= Floyd Steele =

American physicist, engineer and computer designer

Floyd George Steele (June 28, 1918 – September 23, 1995) was an American physicist, engineer, and computer designer who grew up in Brush, Colorado. He is known for leading the design team at Northrup that developed the MADIDDA, an early digital computer.

== Early life ==

Floyd George Steele grew up in Colorado. He was named after his uncle, Floyd Odlum, a businessman known for coming out on top of the Great Depression.

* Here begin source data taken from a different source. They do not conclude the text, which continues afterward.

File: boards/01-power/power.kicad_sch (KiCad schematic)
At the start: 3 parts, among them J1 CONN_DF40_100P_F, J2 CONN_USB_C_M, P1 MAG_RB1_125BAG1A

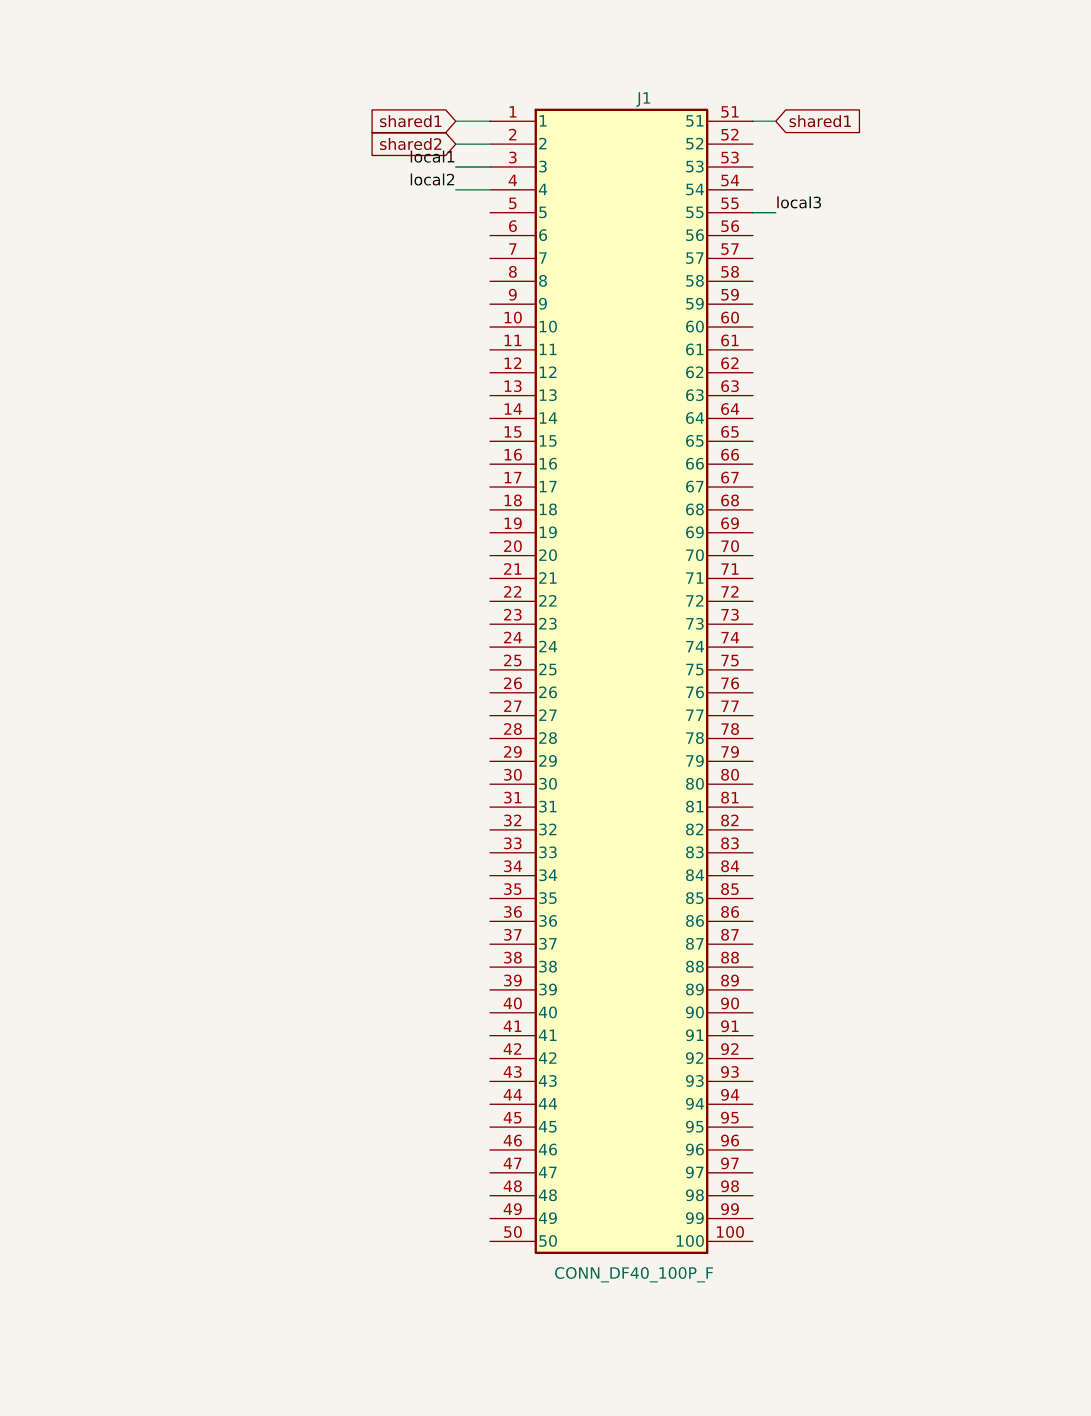
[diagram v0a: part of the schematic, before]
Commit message: Update connector pinout
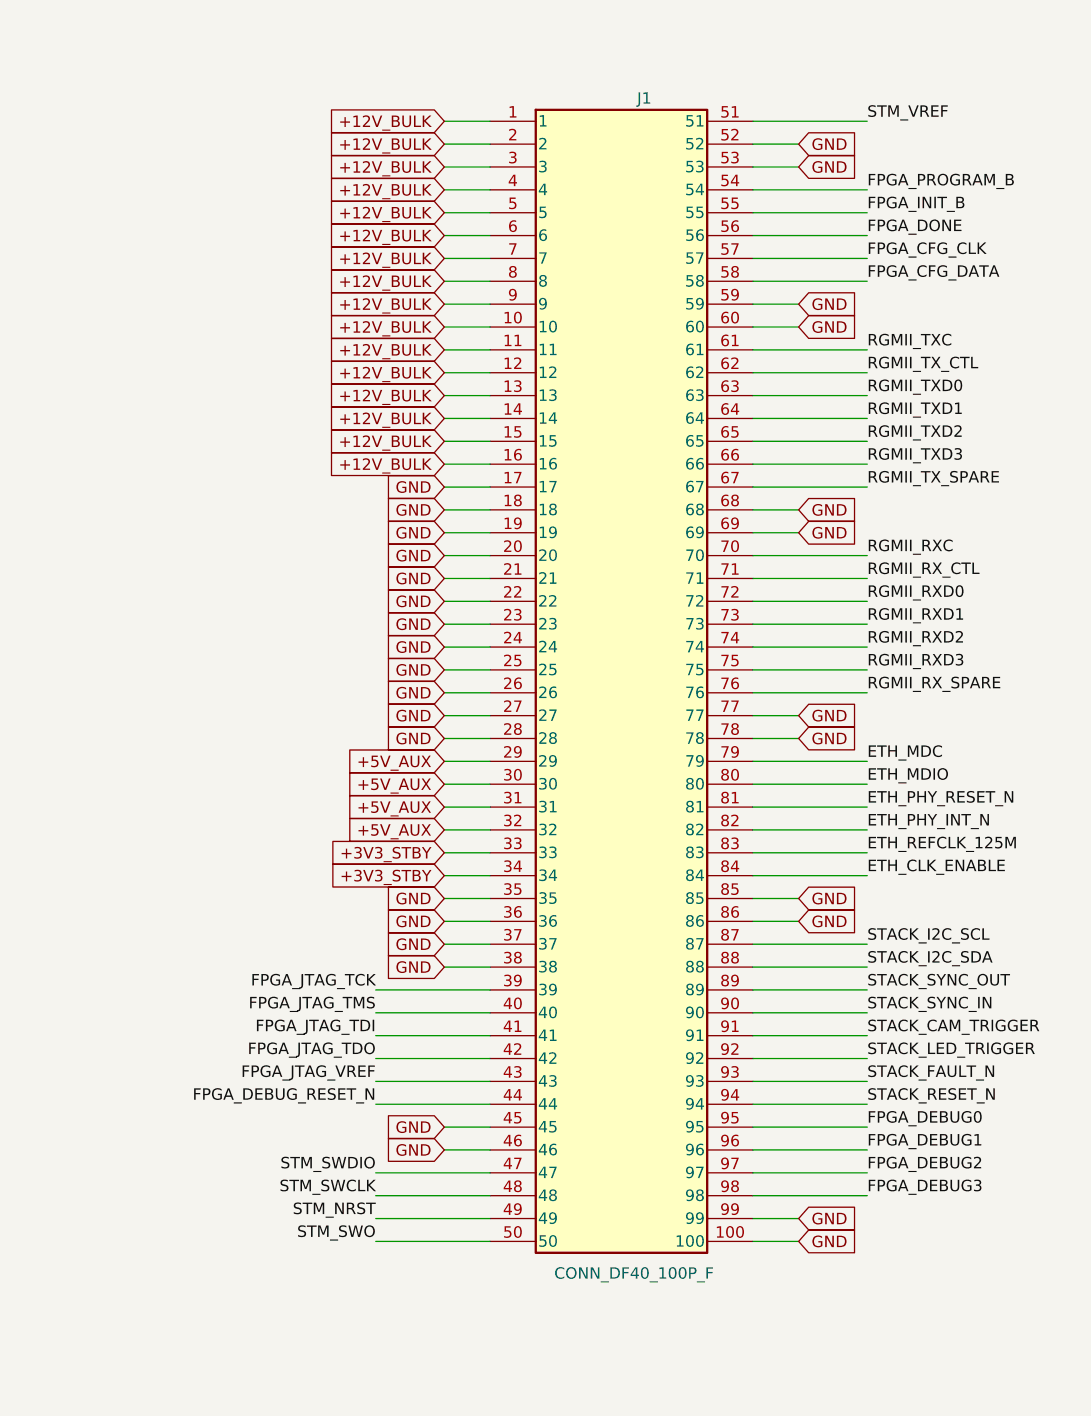
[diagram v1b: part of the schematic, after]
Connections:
- net local1 is gone; now on net +12V_BULK: J1.3
- net local2 is gone; now on net +12V_BULK: J1.4
- net shared2 is gone; now on net +12V_BULK: J1.2
- net +12V_BULK: now reaches J1.10
- net +12V_BULK: now also J1.1, J1.11, J1.12, J1.13, J1.14, J1.15, J1.16, J1.5, J1.6, J1.7, J1.8, J1.9
- net GND: now reaches J1.100
- net GND: now also J1.17, J1.18, J1.19, J1.20, J1.21, J1.22, J1.23, J1.24, J1.25, J1.26, J1.27, J1.28, J1.35, J1.36, J1.37, J1.38, J1.45, J1.46, J1.52, J1.53, J1.59, J1.60, J1.68, J1.69, J1.77, J1.78, J1.85, J1.86, J1.99
- net +5V_AUX: now reaches J1.29
- net +5V_AUX: now also J1.30, J1.31, J1.32
- net +3V3_STBY: now reaches J1.33
- net +3V3_STBY: now also J1.34
- net FPGA_JTAG_TCK: now reaches J1.39
- net FPGA_JTAG_TMS: now reaches J1.40
- net FPGA_JTAG_TDI: now reaches J1.41
- net FPGA_JTAG_TDO: now reaches J1.42
- net FPGA_JTAG_VREF: now reaches J1.43
- net FPGA_DEBUG_RESET_N: now reaches J1.44
- net STM_SWDIO: now reaches J1.47
- net STM_SWCLK: now reaches J1.48
- net STM_NRST: now reaches J1.49
- net STM_SWO: now reaches J1.50
- net FPGA_PROGRAM_B: now reaches J1.54
- net FPGA_DONE: now reaches J1.56
- net FPGA_CFG_CLK: now reaches J1.57
- net FPGA_CFG_DATA: now reaches J1.58
- net RGMII_TXC: now reaches J1.61
- net RGMII_TX_CTL: now reaches J1.62
- net RGMII_TXD0: now reaches J1.63
- net RGMII_TXD1: now reaches J1.64
- net RGMII_TXD2: now reaches J1.65
- net RGMII_TXD3: now reaches J1.66
- net RGMII_TX_SPARE: now reaches J1.67
- net RGMII_RXC: now reaches J1.70
- net RGMII_RX_CTL: now reaches J1.71
- net RGMII_RXD0: now reaches J1.72
- net RGMII_RXD1: now reaches J1.73
- net RGMII_RXD2: now reaches J1.74
- net RGMII_RXD3: now reaches J1.75
- net RGMII_RX_SPARE: now reaches J1.76
- net ETH_MDC: now reaches J1.79
- net ETH_MDIO: now reaches J1.80
- net ETH_PHY_RESET_N: now reaches J1.81
- net ETH_PHY_INT_N: now reaches J1.82
- net ETH_REFCLK_125M: now reaches J1.83
- net ETH_CLK_ENABLE: now reaches J1.84
- net STACK_I2C_SCL: now reaches J1.87
- net STACK_I2C_SDA: now reaches J1.88
- net STACK_SYNC_OUT: now reaches J1.89
- net STACK_SYNC_IN: now reaches J1.90
- net STACK_CAM_TRIGGER: now reaches J1.91
- net STACK_LED_TRIGGER: now reaches J1.92
- net STACK_FAULT_N: now reaches J1.93
- net STACK_RESET_N: now reaches J1.94
- net FPGA_DEBUG0: now reaches J1.95
- net FPGA_DEBUG1: now reaches J1.96
- net FPGA_DEBUG2: now reaches J1.97
- net FPGA_DEBUG3: now reaches J1.98
- net local3 renamed FPGA_INIT_B
- net shared1 renamed STM_VREF
- net STM_VREF: no longer J1.1

Steele received his BA in physics from the University of Colorado, Boulder, a BS in electrical engineering and a MS in aeronautical engineering from Caltech. Before joining Northrop he worked for Douglas Aircraft from 1941 to 1944 and while in the Navy attended Captain Eddie's Radar School.

== MADDIDA ==

Steele was the conceptual leader of the MADDIDA design group at Northrop Corporation.

Development of the MADDIDA began in 1946 with the goal of producing the first DIgital Data Analyzer (DIDA). When the decision was made to use MAgnetic Drum memory (MAD) for the DIDA, the name was lengthened to MADDIDA (pronounced "Mad Ida").

Steele drew influence from the analog computer invented in 1927 by Vannevar Bush, which had digital components. Another influence to the MADDIDA's design was Lord Kelvin's Tide Predicting Machine, an analog computer completed in 1873. Steele hired Donald Eckdahl, Hrant (Harold) Sarkinssian, and Richard Sprague to work on the MADIDDA's germanium diode logic circuits and also to do magnetic recording.

In contrast to the ENIAC and UNIVAC I, which used electrical pulses to represent bits, the MADDIDA was the first computer to represent bits using voltage levels. It was also the first computer whose entire logic was specified in Boolean algebra. These features were an advancement from earlier digital computers which still had analog circuitry components.

Soon after the MADIDDA's completion, Steele and his team realized that a general-purpose digital computer could also be used to as a differential analyzer through the use of an appropriate simulation language.

== The Computer Research Corporation ==
A year after the first MADIDDA was demonstrated, Steele and the MADDIDA design team left Northrop, and was joined by Irving S. Reed On July 16, 1950 they formed the Computer Research Corporation (CRC) in order to develop general-purpose computers.

After developing the Cadac, an early minicomputer, CRC was sold to National Cash Register (NCR) in February 1953.